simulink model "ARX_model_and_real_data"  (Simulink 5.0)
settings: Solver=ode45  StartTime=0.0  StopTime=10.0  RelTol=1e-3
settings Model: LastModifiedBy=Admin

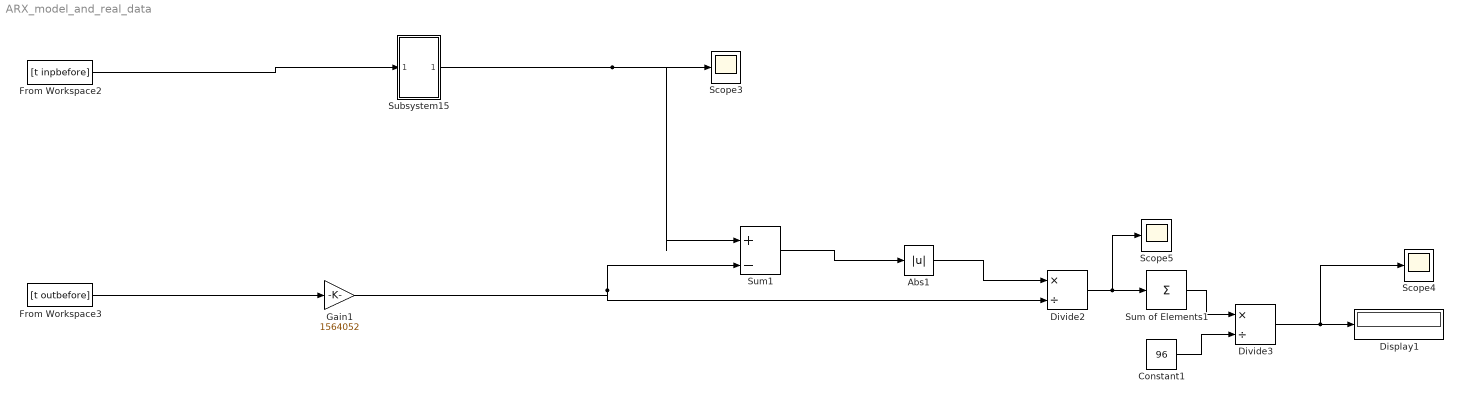
== system ARX_model_and_real_data ==
  Abs1 : Abs  SaturateOnIntegerOverflow=on
  Constant1 : Constant  Value=96
  Display1 : Display
  Divide2 : Product  Inputs=*/  ShowAdditionalParam=on  OutDataTypeMode=double  OutScaling=2^-10
  Divide3 : Product  Inputs=*/  ShowAdditionalParam=on  OutDataTypeMode=double  OutScaling=2^-10
  From Workspace2 : FromWorkspace  VariableName=[t inpbefore]  SampleTime=0
  From Workspace3 : FromWorkspace  VariableName=[t outbefore]  SampleTime=0
  Gain1 : Gain  Gain=1564052  SaturateOnIntegerOverflow=on
  Scope3 : Scope
  Scope4 : Scope
  Scope5 : Scope
      settings: SaveName=ScopeData2
  Subsystem15 : Subsystem
  Sum of Elements1 : Sum  Inputs=+  ShowAdditionalParam=on  OutDataTypeMode=double  OutScaling=2^-10
  Sum1 : Sum  Inputs=|+-  SaturateOnIntegerOverflow=on
  wires:
  From Workspace2/1 -> Subsystem15/1(In1)
  Subsystem15/1(Out1) -> Scope3/1, Sum1/1
  Sum1/1 -> Abs1/1
  Abs1/1 -> Divide2/1
  From Workspace3/1 -> Gain1/1
  Divide2/1 -> Sum of Elements1/1, Scope5/1
  Sum of Elements1/1 -> Divide3/1
  Divide3/1 -> Display1/1, Scope4/1
  Constant1/1 -> Divide3/2
  Gain1/1 -> Sum1/2, Divide2/2

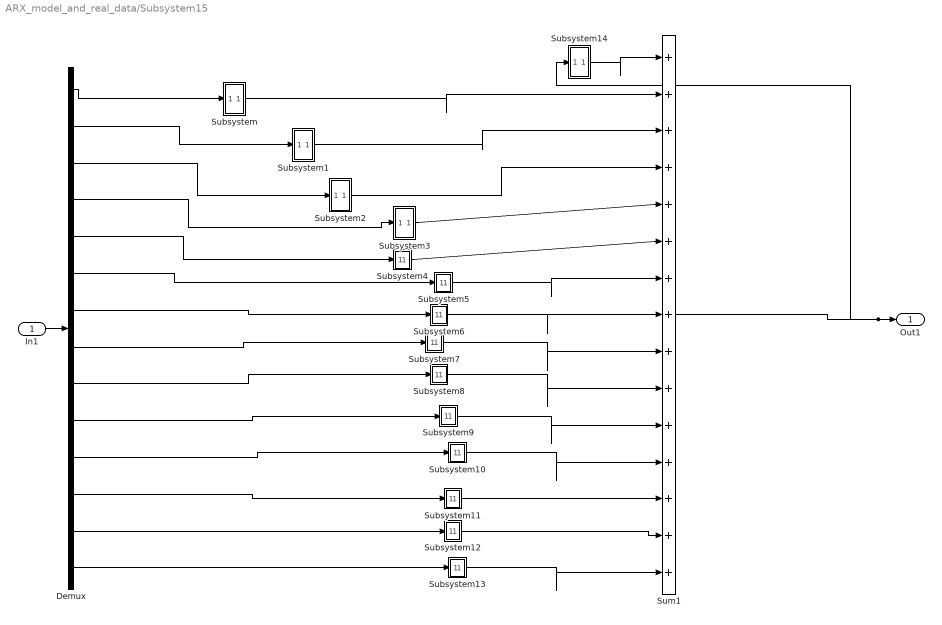
== system ARX_model_and_real_data/Subsystem15 ==
  In1 : Inport
  Demux : Demux  Outputs=14
  Subsystem : Subsystem
  Subsystem1 : Subsystem
  Subsystem10 : Subsystem
  Subsystem11 : Subsystem
  Subsystem12 : Subsystem
  Subsystem13 : Subsystem
  Subsystem14 : Subsystem
  Subsystem2 : Subsystem
  Subsystem3 : Subsystem
  Subsystem4 : Subsystem
  Subsystem5 : Subsystem
  Subsystem6 : Subsystem
  Subsystem7 : Subsystem
  Subsystem8 : Subsystem
  Subsystem9 : Subsystem
  Sum1 : Sum  Inputs=|+++++++++++++++  SaturateOnIntegerOverflow=on
  Out1 : Outport
  wires:
  Subsystem14/1(Out1) -> Sum1/1
  Sum1/1 -> Subsystem14/1(In1), Out1/1
  Demux/2 -> Subsystem1/1(In1)
  Demux/3 -> Subsystem2/1(In1)
  Demux/4 -> Subsystem3/1(In1)
  Demux/5 -> Subsystem4/1(In1)
  Demux/6 -> Subsystem5/1(In1)
  Demux/7 -> Subsystem6/1(In1)
  Demux/8 -> Subsystem7/1(In1)
  Demux/9 -> Subsystem8/1(In1)
  Demux/10 -> Subsystem9/1(In1)
  Demux/11 -> Subsystem10/1(In1)
  Demux/12 -> Subsystem11/1(In1)
  Demux/13 -> Subsystem12/1(In1)
  Demux/14 -> Subsystem13/1(In1)
  Subsystem13/1(Out1) -> Sum1/15
  Subsystem12/1(Out1) -> Sum1/14
  Subsystem11/1(Out1) -> Sum1/13
  Subsystem10/1(Out1) -> Sum1/12
  Subsystem9/1(Out1) -> Sum1/11
  Subsystem8/1(Out1) -> Sum1/10
  Subsystem7/1(Out1) -> Sum1/9
  Subsystem6/1(Out1) -> Sum1/8
  Subsystem5/1(Out1) -> Sum1/7
  Subsystem4/1(Out1) -> Sum1/6
  Subsystem3/1(Out1) -> Sum1/5
  Subsystem2/1(Out1) -> Sum1/4
  Subsystem1/1(Out1) -> Sum1/3
  Subsystem/1(Out1) -> Sum1/2
  Demux/1 -> Subsystem/1(In1)
  In1/1 -> Demux/1

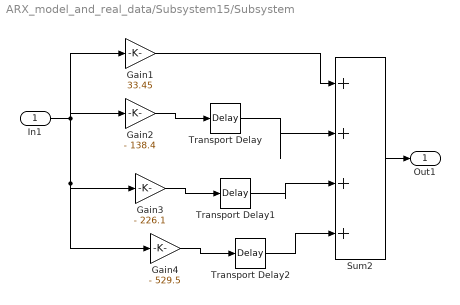
== system ARX_model_and_real_data/Subsystem15/Subsystem ==
  In1 : Inport
  Gain1 : Gain  Gain=33.45  SaturateOnIntegerOverflow=on
  Gain2 : Gain  Gain=- 138.4  SaturateOnIntegerOverflow=on
  Gain3 : Gain  Gain=- 226.1  SaturateOnIntegerOverflow=on
  Gain4 : Gain  Gain=- 529.5  SaturateOnIntegerOverflow=on
  Sum2 : Sum  Inputs=|++++  SaturateOnIntegerOverflow=on
  Transport Delay : TransportDelay
  Transport Delay1 : TransportDelay  DelayTime=2
  Transport Delay2 : TransportDelay  DelayTime=3
  Out1 : Outport
  wires:
  Gain4/1 -> Transport Delay2/1
  Transport Delay2/1 -> Sum2/4
  Gain2/1 -> Transport Delay/1
  Gain3/1 -> Transport Delay1/1
  Transport Delay/1 -> Sum2/2
  Transport Delay1/1 -> Sum2/3
  Gain1/1 -> Sum2/1
  In1/1 -> Gain2/1, Gain4/1, Gain3/1, Gain1/1
  Sum2/1 -> Out1/1

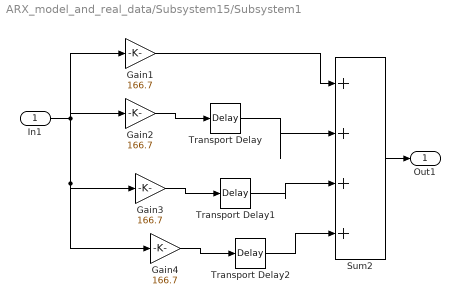
== system ARX_model_and_real_data/Subsystem15/Subsystem1 ==
  In1 : Inport
  Gain{1..4} (4 alike) : Gain  Gain=166.7  SaturateOnIntegerOverflow=on
  Sum2 : Sum  Inputs=|++++  SaturateOnIntegerOverflow=on
  Transport Delay : TransportDelay
  Transport Delay1 : TransportDelay  DelayTime=2
  Transport Delay2 : TransportDelay  DelayTime=3
  Out1 : Outport
  wires:
  Gain4/1 -> Transport Delay2/1
  Transport Delay2/1 -> Sum2/4
  Gain2/1 -> Transport Delay/1
  Gain3/1 -> Transport Delay1/1
  Transport Delay/1 -> Sum2/2
  Transport Delay1/1 -> Sum2/3
  Gain1/1 -> Sum2/1
  In1/1 -> Gain2/1, Gain4/1, Gain3/1, Gain1/1
  Sum2/1 -> Out1/1

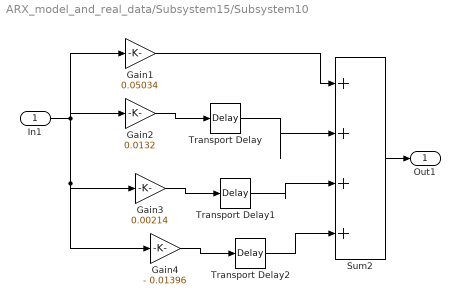
== system ARX_model_and_real_data/Subsystem15/Subsystem10 ==
  In1 : Inport
  Gain1 : Gain  Gain=0.05034  SaturateOnIntegerOverflow=on
  Gain2 : Gain  Gain=0.0132  SaturateOnIntegerOverflow=on
  Gain3 : Gain  Gain=0.00214  SaturateOnIntegerOverflow=on
  Gain4 : Gain  Gain=- 0.01396  SaturateOnIntegerOverflow=on
  Sum2 : Sum  Inputs=|++++  SaturateOnIntegerOverflow=on
  Transport Delay : TransportDelay
  Transport Delay1 : TransportDelay  DelayTime=2
  Transport Delay2 : TransportDelay  DelayTime=3
  Out1 : Outport
  wires:
  Gain4/1 -> Transport Delay2/1
  Transport Delay2/1 -> Sum2/4
  Gain2/1 -> Transport Delay/1
  Gain3/1 -> Transport Delay1/1
  Transport Delay/1 -> Sum2/2
  Transport Delay1/1 -> Sum2/3
  Gain1/1 -> Sum2/1
  In1/1 -> Gain2/1, Gain4/1, Gain3/1, Gain1/1
  Sum2/1 -> Out1/1

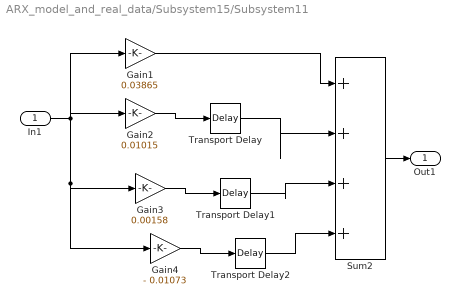
== system ARX_model_and_real_data/Subsystem15/Subsystem11 ==
  In1 : Inport
  Gain1 : Gain  Gain=0.03865  SaturateOnIntegerOverflow=on
  Gain2 : Gain  Gain=0.01015  SaturateOnIntegerOverflow=on
  Gain3 : Gain  Gain=0.00158  SaturateOnIntegerOverflow=on
  Gain4 : Gain  Gain=- 0.01073  SaturateOnIntegerOverflow=on
  Sum2 : Sum  Inputs=|++++  SaturateOnIntegerOverflow=on
  Transport Delay : TransportDelay
  Transport Delay1 : TransportDelay  DelayTime=2
  Transport Delay2 : TransportDelay  DelayTime=3
  Out1 : Outport
  wires:
  Gain4/1 -> Transport Delay2/1
  Transport Delay2/1 -> Sum2/4
  Gain2/1 -> Transport Delay/1
  Gain3/1 -> Transport Delay1/1
  Transport Delay/1 -> Sum2/2
  Transport Delay1/1 -> Sum2/3
  Gain1/1 -> Sum2/1
  In1/1 -> Gain2/1, Gain4/1, Gain3/1, Gain1/1
  Sum2/1 -> Out1/1

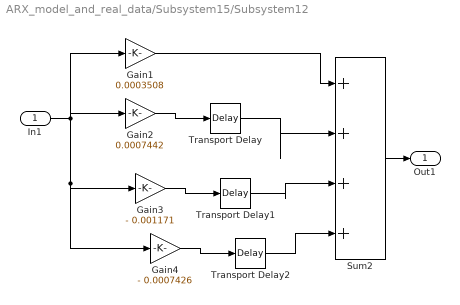
== system ARX_model_and_real_data/Subsystem15/Subsystem12 ==
  In1 : Inport
  Gain1 : Gain  Gain=0.0003508  SaturateOnIntegerOverflow=on
  Gain2 : Gain  Gain=0.0007442  SaturateOnIntegerOverflow=on
  Gain3 : Gain  Gain=- 0.001171  SaturateOnIntegerOverflow=on
  Gain4 : Gain  Gain=- 0.0007426  SaturateOnIntegerOverflow=on
  Sum2 : Sum  Inputs=|++++  SaturateOnIntegerOverflow=on
  Transport Delay : TransportDelay
  Transport Delay1 : TransportDelay  DelayTime=2
  Transport Delay2 : TransportDelay  DelayTime=3
  Out1 : Outport
  wires:
  Gain4/1 -> Transport Delay2/1
  Transport Delay2/1 -> Sum2/4
  Gain2/1 -> Transport Delay/1
  Gain3/1 -> Transport Delay1/1
  Transport Delay/1 -> Sum2/2
  Transport Delay1/1 -> Sum2/3
  Gain1/1 -> Sum2/1
  In1/1 -> Gain2/1, Gain4/1, Gain3/1, Gain1/1
  Sum2/1 -> Out1/1

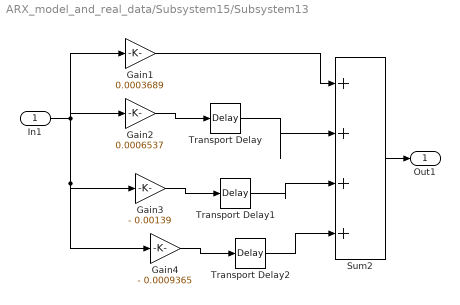
== system ARX_model_and_real_data/Subsystem15/Subsystem13 ==
  In1 : Inport
  Gain1 : Gain  Gain=0.0003689  SaturateOnIntegerOverflow=on
  Gain2 : Gain  Gain=0.0006537  SaturateOnIntegerOverflow=on
  Gain3 : Gain  Gain=- 0.00139  SaturateOnIntegerOverflow=on
  Gain4 : Gain  Gain=- 0.0009365  SaturateOnIntegerOverflow=on
  Sum2 : Sum  Inputs=|++++  SaturateOnIntegerOverflow=on
  Transport Delay : TransportDelay
  Transport Delay1 : TransportDelay  DelayTime=2
  Transport Delay2 : TransportDelay  DelayTime=3
  Out1 : Outport
  wires:
  Gain4/1 -> Transport Delay2/1
  Transport Delay2/1 -> Sum2/4
  Gain2/1 -> Transport Delay/1
  Gain3/1 -> Transport Delay1/1
  Transport Delay/1 -> Sum2/2
  Transport Delay1/1 -> Sum2/3
  Gain1/1 -> Sum2/1
  In1/1 -> Gain2/1, Gain4/1, Gain3/1, Gain1/1
  Sum2/1 -> Out1/1

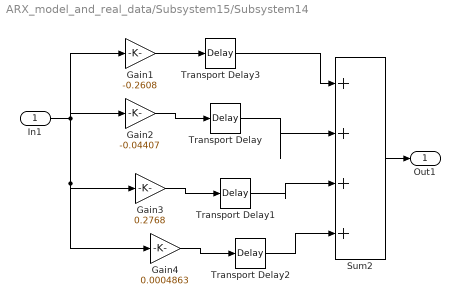
== system ARX_model_and_real_data/Subsystem15/Subsystem14 ==
  In1 : Inport
  Gain1 : Gain  Gain=-0.2608  SaturateOnIntegerOverflow=on
  Gain2 : Gain  Gain=-0.04407  SaturateOnIntegerOverflow=on
  Gain3 : Gain  Gain=0.2768  SaturateOnIntegerOverflow=on
  Gain4 : Gain  Gain=0.0004863  SaturateOnIntegerOverflow=on
  Sum2 : Sum  Inputs=|++++  SaturateOnIntegerOverflow=on
  Transport Delay : TransportDelay  DelayTime=2
  Transport Delay1 : TransportDelay  DelayTime=3
  Transport Delay2 : TransportDelay  DelayTime=4
  Transport Delay3 : TransportDelay
  Out1 : Outport
  wires:
  Gain4/1 -> Transport Delay2/1
  Transport Delay2/1 -> Sum2/4
  Gain2/1 -> Transport Delay/1
  Gain3/1 -> Transport Delay1/1
  Transport Delay/1 -> Sum2/2
  Transport Delay1/1 -> Sum2/3
  Gain1/1 -> Transport Delay3/1
  In1/1 -> Gain2/1, Gain4/1, Gain3/1, Gain1/1
  Sum2/1 -> Out1/1
  Transport Delay3/1 -> Sum2/1

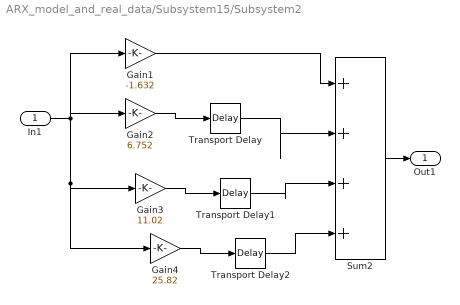
== system ARX_model_and_real_data/Subsystem15/Subsystem2 ==
  In1 : Inport
  Gain1 : Gain  Gain=-1.632  SaturateOnIntegerOverflow=on
  Gain2 : Gain  Gain=6.752  SaturateOnIntegerOverflow=on
  Gain3 : Gain  Gain=11.02  SaturateOnIntegerOverflow=on
  Gain4 : Gain  Gain=25.82  SaturateOnIntegerOverflow=on
  Sum2 : Sum  Inputs=|++++  SaturateOnIntegerOverflow=on
  Transport Delay : TransportDelay
  Transport Delay1 : TransportDelay  DelayTime=2
  Transport Delay2 : TransportDelay  DelayTime=3
  Out1 : Outport
  wires:
  Gain4/1 -> Transport Delay2/1
  Transport Delay2/1 -> Sum2/4
  Gain2/1 -> Transport Delay/1
  Gain3/1 -> Transport Delay1/1
  Transport Delay/1 -> Sum2/2
  Transport Delay1/1 -> Sum2/3
  Gain1/1 -> Sum2/1
  In1/1 -> Gain2/1, Gain4/1, Gain3/1, Gain1/1
  Sum2/1 -> Out1/1

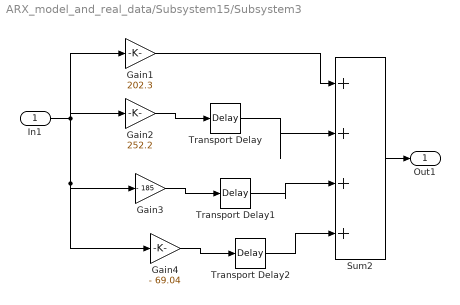
== system ARX_model_and_real_data/Subsystem15/Subsystem3 ==
  In1 : Inport
  Gain1 : Gain  Gain=202.3  SaturateOnIntegerOverflow=on
  Gain2 : Gain  Gain=252.2  SaturateOnIntegerOverflow=on
  Gain3 : Gain  Gain=- 185  SaturateOnIntegerOverflow=on
  Gain4 : Gain  Gain=- 69.04  SaturateOnIntegerOverflow=on
  Sum2 : Sum  Inputs=|++++  SaturateOnIntegerOverflow=on
  Transport Delay : TransportDelay
  Transport Delay1 : TransportDelay  DelayTime=2
  Transport Delay2 : TransportDelay  DelayTime=3
  Out1 : Outport
  wires:
  Gain4/1 -> Transport Delay2/1
  Transport Delay2/1 -> Sum2/4
  Gain2/1 -> Transport Delay/1
  Gain3/1 -> Transport Delay1/1
  Transport Delay/1 -> Sum2/2
  Transport Delay1/1 -> Sum2/3
  Gain1/1 -> Sum2/1
  In1/1 -> Gain2/1, Gain4/1, Gain3/1, Gain1/1
  Sum2/1 -> Out1/1

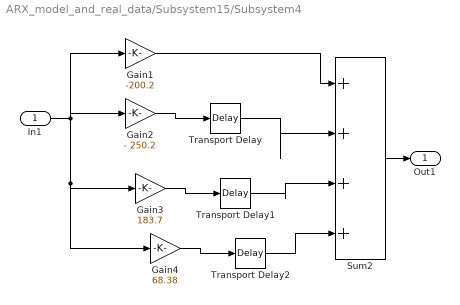
== system ARX_model_and_real_data/Subsystem15/Subsystem4 ==
  In1 : Inport
  Gain1 : Gain  Gain=-200.2  SaturateOnIntegerOverflow=on
  Gain2 : Gain  Gain=- 250.2  SaturateOnIntegerOverflow=on
  Gain3 : Gain  Gain=183.7  SaturateOnIntegerOverflow=on
  Gain4 : Gain  Gain=68.38  SaturateOnIntegerOverflow=on
  Sum2 : Sum  Inputs=|++++  SaturateOnIntegerOverflow=on
  Transport Delay : TransportDelay
  Transport Delay1 : TransportDelay  DelayTime=2
  Transport Delay2 : TransportDelay  DelayTime=3
  Out1 : Outport
  wires:
  Gain4/1 -> Transport Delay2/1
  Transport Delay2/1 -> Sum2/4
  Gain2/1 -> Transport Delay/1
  Gain3/1 -> Transport Delay1/1
  Transport Delay/1 -> Sum2/2
  Transport Delay1/1 -> Sum2/3
  Gain1/1 -> Sum2/1
  In1/1 -> Gain2/1, Gain4/1, Gain3/1, Gain1/1
  Sum2/1 -> Out1/1

== system ARX_model_and_real_data/Subsystem15/Subsystem5 ==
  In1 : Inport
  Gain1 : Gain  Gain=-1.473  SaturateOnIntegerOverflow=on
  Gain2 : Gain  Gain=- 1.841  SaturateOnIntegerOverflow=on
  Gain3 : Gain  Gain=1.351  SaturateOnIntegerOverflow=on
  Gain4 : Gain  Gain=0.5031  SaturateOnIntegerOverflow=on
  Sum2 : Sum  Inputs=|++++  SaturateOnIntegerOverflow=on
  Transport Delay : TransportDelay
  Transport Delay1 : TransportDelay  DelayTime=2
  Transport Delay2 : TransportDelay  DelayTime=3
  Out1 : Outport
  wires:
  Gain4/1 -> Transport Delay2/1
  Transport Delay2/1 -> Sum2/4
  Gain2/1 -> Transport Delay/1
  Gain3/1 -> Transport Delay1/1
  Transport Delay/1 -> Sum2/2
  Transport Delay1/1 -> Sum2/3
  Gain1/1 -> Sum2/1
  In1/1 -> Gain2/1, Gain4/1, Gain3/1, Gain1/1
  Sum2/1 -> Out1/1

== system ARX_model_and_real_data/Subsystem15/Subsystem6 ==
  In1 : Inport
  Gain1 : Gain  Gain=-5.55  SaturateOnIntegerOverflow=on
  Gain2 : Gain  Gain=24.53  SaturateOnIntegerOverflow=on
  Gain3 : Gain  Gain=39.93  SaturateOnIntegerOverflow=on
  Gain4 : Gain  Gain=93.38  SaturateOnIntegerOverflow=on
  Sum2 : Sum  Inputs=|++++  SaturateOnIntegerOverflow=on
  Transport Delay : TransportDelay
  Transport Delay1 : TransportDelay  DelayTime=2
  Transport Delay2 : TransportDelay  DelayTime=3
  Out1 : Outport
  wires:
  Gain4/1 -> Transport Delay2/1
  Transport Delay2/1 -> Sum2/4
  Gain2/1 -> Transport Delay/1
  Gain3/1 -> Transport Delay1/1
  Transport Delay/1 -> Sum2/2
  Transport Delay1/1 -> Sum2/3
  Gain1/1 -> Sum2/1
  In1/1 -> Gain2/1, Gain4/1, Gain3/1, Gain1/1
  Sum2/1 -> Out1/1

== system ARX_model_and_real_data/Subsystem15/Subsystem7 ==
  In1 : Inport
  Gain1 : Gain  Gain=0.0005023  SaturateOnIntegerOverflow=on
  Gain2 : Gain  Gain=- 0.0002562  SaturateOnIntegerOverflow=on
  Gain3 : Gain  Gain=0.0004082  SaturateOnIntegerOverflow=on
  Gain4 : Gain  Gain=- 0.0002853  SaturateOnIntegerOverflow=on
  Sum2 : Sum  Inputs=|++++  SaturateOnIntegerOverflow=on
  Transport Delay : TransportDelay
  Transport Delay1 : TransportDelay  DelayTime=2
  Transport Delay2 : TransportDelay  DelayTime=3
  Out1 : Outport
  wires:
  Gain4/1 -> Transport Delay2/1
  Transport Delay2/1 -> Sum2/4
  Gain2/1 -> Transport Delay/1
  Gain3/1 -> Transport Delay1/1
  Transport Delay/1 -> Sum2/2
  Transport Delay1/1 -> Sum2/3
  Gain1/1 -> Sum2/1
  In1/1 -> Gain2/1, Gain4/1, Gain3/1, Gain1/1
  Sum2/1 -> Out1/1

== system ARX_model_and_real_data/Subsystem15/Subsystem8 ==
  In1 : Inport
  Gain1 : Gain  Gain=0.0003028  SaturateOnIntegerOverflow=on
  Gain2 : Gain  Gain=0.0008254  SaturateOnIntegerOverflow=on
  Gain3 : Gain  Gain=- 0.0006172  SaturateOnIntegerOverflow=on
  Gain4 : Gain  Gain=0.0001375  SaturateOnIntegerOverflow=on
  Sum2 : Sum  Inputs=|++++  SaturateOnIntegerOverflow=on
  Transport Delay : TransportDelay
  Transport Delay1 : TransportDelay  DelayTime=2
  Transport Delay2 : TransportDelay  DelayTime=3
  Out1 : Outport
  wires:
  Gain4/1 -> Transport Delay2/1
  Transport Delay2/1 -> Sum2/4
  Gain2/1 -> Transport Delay/1
  Gain3/1 -> Transport Delay1/1
  Transport Delay/1 -> Sum2/2
  Transport Delay1/1 -> Sum2/3
  Gain1/1 -> Sum2/1
  In1/1 -> Gain2/1, Gain4/1, Gain3/1, Gain1/1
  Sum2/1 -> Out1/1

== system ARX_model_and_real_data/Subsystem15/Subsystem9 ==
  In1 : Inport
  Gain1 : Gain  Gain=-0.006094  SaturateOnIntegerOverflow=on
  Gain2 : Gain  Gain=- 0.001589  SaturateOnIntegerOverflow=on
  Gain3 : Gain  Gain=- 0.0002712  SaturateOnIntegerOverflow=on
  Gain4 : Gain  Gain=0.001686  SaturateOnIntegerOverflow=on
  Sum2 : Sum  Inputs=|++++  SaturateOnIntegerOverflow=on
  Transport Delay : TransportDelay
  Transport Delay1 : TransportDelay  DelayTime=2
  Transport Delay2 : TransportDelay  DelayTime=3
  Out1 : Outport
  wires:
  Gain4/1 -> Transport Delay2/1
  Transport Delay2/1 -> Sum2/4
  Gain2/1 -> Transport Delay/1
  Gain3/1 -> Transport Delay1/1
  Transport Delay/1 -> Sum2/2
  Transport Delay1/1 -> Sum2/3
  Gain1/1 -> Sum2/1
  In1/1 -> Gain2/1, Gain4/1, Gain3/1, Gain1/1
  Sum2/1 -> Out1/1

* **WHAT THE TASK REQUIRES**
Every line from the start of the material through the line containing "Abs1/1 -> Divide2/1" is needed exactly as written; the pictures are not.

* **PROBLEM SOLUTION**
simulink model "ARX_model_and_real_data"  (Simulink 5.0)
settings: Solver=ode45  StartTime=0.0  StopTime=10.0  RelTol=1e-3
settings Model: LastModifiedBy=Admin

== system ARX_model_and_real_data ==
  Abs1 : Abs  SaturateOnIntegerOverflow=on
  Constant1 : Constant  Value=96
  Display1 : Display
  Divide2 : Product  Inputs=*/  ShowAdditionalParam=on  OutDataTypeMode=double  OutScaling=2^-10
  Divide3 : Product  Inputs=*/  ShowAdditionalParam=on  OutDataTypeMode=double  OutScaling=2^-10
  From Workspace2 : FromWorkspace  VariableName=[t inpbefore]  SampleTime=0
  From Workspace3 : FromWorkspace  VariableName=[t outbefore]  SampleTime=0
  Gain1 : Gain  Gain=1564052  SaturateOnIntegerOverflow=on
  Scope3 : Scope
  Scope4 : Scope
  Scope5 : Scope
      settings: SaveName=ScopeData2
  Subsystem15 : Subsystem
  Sum of Elements1 : Sum  Inputs=+  ShowAdditionalParam=on  OutDataTypeMode=double  OutScaling=2^-10
  Sum1 : Sum  Inputs=|+-  SaturateOnIntegerOverflow=on
  wires:
  From Workspace2/1 -> Subsystem15/1(In1)
  Subsystem15/1(Out1) -> Scope3/1, Sum1/1
  Sum1/1 -> Abs1/1
  Abs1/1 -> Divide2/1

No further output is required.